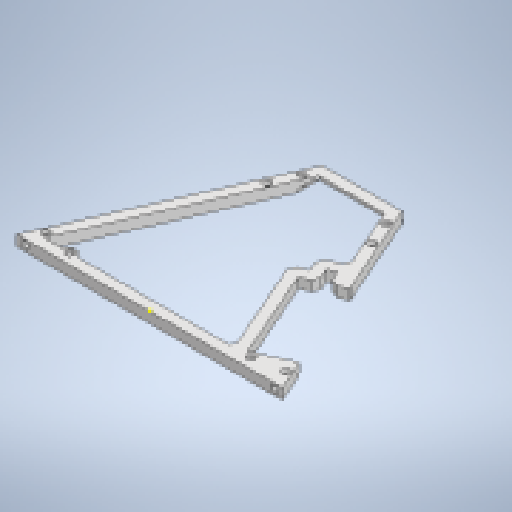
# Autodesk Inventor part: BottomPlate
Saved by Autodesk Inventor 2025.2 (Build 292293000, 293)
## iProperties
Created: 2025-08-10
Part Number: BottomPlate
Material: Generic
Document SubType Name: Modeling
Designer: hofma
Density: 1 g/cm^3
Appearance: Default
Author: hofma
Autodesk Inventor part; units mm, degrees
ref_plane "YZ Plane" through (0, 0, 0) normal (1, 0, 0) x (0, 1, 0)
ref_plane "XZ Plane" through (0, 0, 0) normal (0, 1, 0) x (-1, 0, 0)
ref_plane "XY Plane" through (0, 0, 0) normal (0, 0, 1) x (1, 0, 0)
sketch "Sketch1" plane through (0, 0, 0) normal (0, 1, 0) x (-1, 0, 0)
  line L0 (125, 0) -> (-125, 0)
  line L1 (-125, 0) -> (-37.5, -200)
  line L2 (-37.5, -200) -> (37.5, -200)
  line L3 (37.5, -200) -> (125, 0)
  point P0 (0, 0)
  point P1 (0, 0)
  point P2 (0, -200)
  dimension "d0" = 250
  dimension "d3" = 200
  dimension "d4" = 75
  constraints: 8 end point, 2 midpoint, 1 coincident, 1 horizontal, 1 parallel, 1 vertical alignment
  measures "d0" distance of L0.start L0.end
  measures "d3" distance between parallel lines of L2 L0
  measures "d4" distance of L1.end L2.end
extrude "Extrusion1" add sketch "Sketch1" along normal blind 10
sketch "Sketch2" plane through (37.5, 0, -200) normal (0, 0, -1) x (-1, 0, 0)
  line L0 (0, 0) -> (75, 0) projected
  line L1 (0, 0) -> (75, 0)
  line L2 (75, 0) -> (75, 7)
  line L3 (75, 7) -> (0, 7)
  line L4 (0, 7) -> (0, 0)
  line L5 (0, 10) -> (75, 10) projected
  point P0 (37.5, 7)
  point P1 (37.5, 0)
  dimension "d5" = 3
  dimension "d6" = 75
  constraints: 8 end point, 2 midpoint, 2 parallel, 1 horizontal, 1 perpendicular, 1 point on line, 1 vertical alignment
  measures "d5" distance between parallel lines of L3 L5
  measures "d6" distance of L2.end L3.end
extrude "Extrusion2" cut sketch "Sketch2" against normal blind 77
fillet "Fillet1" radius 7 2 edges at (37.5, 7, -161.5) (-37.5, 7, -161.5)
sketch "Sketch3" plane through (125, 0, 0) normal (0.9161573, 0, -0.4008188) x (-0.4008188, 0, -0.9161573)
  line L0 (30, -1.8) -> (31, 10)
  line L1 (100.2047, 10) -> (0, 10) projected
  line L2 (31, 10) -> (122.8, 10)
  line L3 (0, 10) -> (218.3031, 10) projected
  line L4 (122.8, 10) -> (123.8, -1.8)
  line L5 (30, -1.8) -> (123.8, -1.8)
  line L6 (0, 0) -> (0, 10) projected
  point P0 (50.1024, 0)
  point P1 (100.2047, 0)
  dimension "d10" = 1
  dimension "d11" = 1
  dimension "d12" = 93.8
  dimension "d16" = 11.8
  dimension "d17" = 30
  constraints: 8 end point, 2 point on line, 1 horizontal
  measures "d10" horizontal distance of L0.end L0.start
  measures "d11" horizontal distance of L4.end L2.end
  measures "d12" distance of L4.end L0.start
  measures "d16" distance between parallel lines of L5 L1
  measures "d17" distance from line of L6 L0.start
extrude "Extrusion3" cut sketch "Sketch3" against normal blind 37
sketch "Sketch4" plane through (0, 10, 0) normal (0, 1, 0) x (1, 0, 0)
  line L0 (41.8816, 97.6738) -> (75.7794, 112.5041) construction
  line L1 (55.1659, 103.4857) -> (49.1536, 117.2281)
  line L2 (49.1536, 117.2281) -> (56.4829, 120.4346)
  line L3 (56.4829, 120.4346) -> (62.4952, 106.6922)
  line L4 (62.4952, 106.6922) -> (55.1659, 103.4857)
  point P0 (0, 0)
  point P1 (58.8305, 105.089)
  dimension "d18" = 8
  dimension "d19" = 15
  constraints: 8 end point, 4 perpendicular, 2 midpoint, 1 point on line
  measures "d18" distance between parallel lines of L3 L1
  measures "d19" distance from line of L1.start L2
extrude "Extrusion4" cut sketch "Sketch4" against normal through all
sketch "Sketch5" plane through (0, 10, 0) normal (0, 1, 0) x (1, 0, 0)
  line L0 (56.4829, 120.4346) -> (62.4952, 106.6922) projected
  line L1 (62.4952, 106.6922) -> (75.7794, 112.5041) projected
  line L2 (75.7794, 112.5041) -> (37.5, 200) projected
  line L3 (37.5, 200) -> (-37.5, 200) projected
  line L4 (-37.5, 200) -> (-125, 0) projected
  line L5 (-125, 0) -> (125, 0) projected
  line L6 (125, 0) -> (112.5746, 28.4009) projected
  line L7 (112.5746, 28.4009) -> (78.6768, 13.5706) projected
  line L8 (78.6768, 13.5706) -> (41.8816, 97.6738) projected
  line L9 (41.8816, 97.6738) -> (55.1659, 103.4857) projected
  line L10 (55.1659, 103.4857) -> (49.1536, 117.2281) projected
  line L11 (49.1536, 117.2281) -> (56.4829, 120.4346) projected
  line L12 (-109.7098, 10) -> (-30.9598, 190)
  line L13 (-30.9598, 190) -> (30.9598, 190)
  line L14 (30.9598, 190) -> (56.5974, 131.3999)
  line L15 (56.5974, 131.3999) -> (35.9839, 122.3814)
  line L16 (35.9839, 122.3814) -> (41.9961, 108.6391)
  line L17 (41.9961, 108.6391) -> (28.7119, 102.8272)
  line L18 (28.7119, 102.8272) -> (73.5234, 0.4008)
  line L19 (73.5234, 0.4008) -> (95.4644, 10)
  line L20 (95.4644, 10) -> (-109.7098, 10)
  point P0 (0, 0)
  point P1 (69.3238, 10)
  dimension "d22" = 10
  constraints: 18 end point, 8 other
  measures "d22" distance between parallel lines of L4 L12
extrude "Extrusion5" cut sketch "Sketch5" against normal blind 10 contours L12 L13 L14 L15 L16 L17 L18 L20
sketch "Sketch10" plane through (0, 10, 0) normal (0, 1, 0) x (1, 0, 0)
  line L0 (-109.7098, 10) -> (69.3238, 10) projected
  line L1 (-87.5, 10) -> (-82.5, 10)
  line L2 (-82.5, 10) -> (-82.5, 15)
  line L3 (-82.5, 15) -> (-87.5, 15)
  line L4 (-87.5, 15) -> (-87.5, 10)
  line L5 (-125, 0) -> (125, 0) projected
  point P0 (0, 0)
  point P1 (0, 0)
  point P2 (-85, 15)
  point P3 (-82.5, 10)
  dimension "d52" = 5
  dimension "d53" = 85
  dimension "d54" = 5
  constraints: 8 end point, 2 midpoint, 2 parallel, 1 horizontal, 1 perpendicular, 1 point on line
  measures "d52" distance of L2.end L3.end
  measures "d53" horizontal distance of point (0, 0) point (-85, 15)
  measures "d54" distance between parallel lines of L0 L3
extrude "Extrusion6" add sketch "Sketch10" against normal up to surface (10 mm away)
sketch "Sketch6" plane through (-125, 0, 0) normal (0, 0, 1) x (1, 0, 0)
  line L0 (0, 0) -> (0, 10) projected
  line L1 (250, 0) -> (250, 10) projected
  point P0 (125, 0)
  point P1 (7.5, 5)
  point P2 (242.5, 5)
  point P3 (0, 5)
  dimension "d25" = 7.5
  dimension "d26" = 7.5
  constraints: 2 horizontal alignment, 1 midpoint
  measures "d25" distance from line of L0 point (7.5, 5)
  measures "d26" distance from line of L1 point (242.5, 5)
hole "Hole1" at (117.5, 5, 0) at (-117.5, 5, 0) direction (0, 0, -1) diameter 5.6 depth 8.1
sketch "Sketch7" plane through (0, 10, 0) normal (0, 1, 0) x (1, 0, 0)
  line L0 (0, 0) -> (0, -36.9997) construction
  line L1 (69.3238, 10) -> (-109.7098, 10) projected
  point P0 (-85, 10)
  point P1 (85, 10)
  dimension "d34" = 0
  dimension "d35" = 170
  constraints: 2 end point, 1 horizontal alignment, 1 symmetric about line, 1 vertical
  measures "d34" distance from line of L1 point (-85, 10)
  measures "d35" distance of point (85, 10) point (-85, 10)
hole "Hole2" at (-85, 10, -10) at (85, 10, -10) direction (0, -1, 0) diameter 5.6 depth 8.1
sketch "Sketch8" plane through (0, 10, 0) normal (0, 1, 0) x (1, 0, 0)
  line L0 (37.5, 200) -> (-37.5, 200) projected
  line L1 (0, 200) -> (0, 219.1453) construction
  line L2 (75.7794, 112.5041) -> (37.5, 200) projected
  point P0 (0, 0)
  point P1 (39.4799, 183)
  point P2 (-39.4799, 183)
  dimension "d43" = 5
  dimension "d44" = 17
  constraints: 2 end point, 1 midpoint, 1 symmetric about line, 1 vertical
  measures "d43" distance from line of L2 point (39.48, 183)
  measures "d44" distance from line of L0 point (39.48, 183)
hole "Hole3" at (39.4799, 10, -183) at (-39.4799, 10, -183) direction (0, -1, 0) diameter 5.6 depth 8.1
sketch "Sketch9" plane through (0, 10, 0) normal (0, 1, 0) x (1, 0, 0)
  point P0 (0, 0)
sketch "Sketch11" plane through (0, 10, 0) normal (0, 1, 0) x (1, 0, 0)
  line L0 (-119.6384, -0.2193) -> (-31.6935, 200.7975) construction
  line L1 (-37.5, 200) -> (-125, 0) projected
  line L2 (-37.5, 200) -> (-125, 0) projected
  line L3 (-125, 0) -> (125, 0) projected
  point P0 (0, 0)
  point P1 (-112.9799, 15)
  point P2 (-49.5424, 160)
  dimension "d57" = 5
  dimension "d58" = 15
  dimension "d59" = 160
  constraints: 2 end point, 2 parallel, 2 point on line
  measures "d57" distance between parallel lines of L1 L0
  measures "d58" distance from line of point (-112.98, 15) L3
  measures "d59" distance from line of point (-49.542, 160) L3
hole "Hole4" at (-112.9799, 10, -15) at (-49.5424, 10, -160) direction (0, -1, 0) diameter 4.5 end through all counterbore diameter 8 counterbore depth 4.6 clearance for "Socket Head Cap Screw ISO 4762" size "M4" standard "ISO"
mirror "Mirror1" about plane through (0, 0, 0) normal (1, 0, 0) of "Hole4"
chamfer "Chamfer1" distance 5 angle 45 5 edges at (28.7119, 5, -102.8272) (35.9839, 5, -122.3814) (54.9961, 5, -103.8739) (62.3253, 5, -107.0804) (56.5974, 5, -131.3999)
chamfer "Chamfer2" distance 5 angle 45 3 edges at (69.3238, 5, -10) (-82.5, 0.95, -10) (-87.5, 0.95, -10)
chamfer "Chamfer3" distance 1 angle 45 8 edges at (85, 10, -12.8) (39.4799, 10, -185.8) (-39.4799, 10, -185.8) (-82.2, 10, -10) (-49.5424, 0, -162.25) (-112.9799, 0, -17.25) (49.5424, 0, -162.25) (112.9799, 0, -17.25)
chamfer "Chamfer4" distance 1 angle 45 2 edges at (-117.5, 7.8, 0) (117.5, 7.8, 0)
chamfer "Chamfer5" distance 1 angle 45 2 edges at (112.7445, 5, -28.0127) (75.6096, 5, -112.8923)
chamfer "Chamfer6" distance 1 angle 45 3 edges at (0, 7, -200) (-35.4498, 4.9498, -200) (35.4498, 4.9498, -200)
equation "\"d26\" = d25"
body "Solid1"

···

- [Activity]
Read through the entries and copy each line in which "Autodesk" appears.

- [Expected answer]
# Autodesk Inventor part: BottomPlate
Saved by Autodesk Inventor 2025.2 (Build 292293000, 293)
Autodesk Inventor part; units mm, degrees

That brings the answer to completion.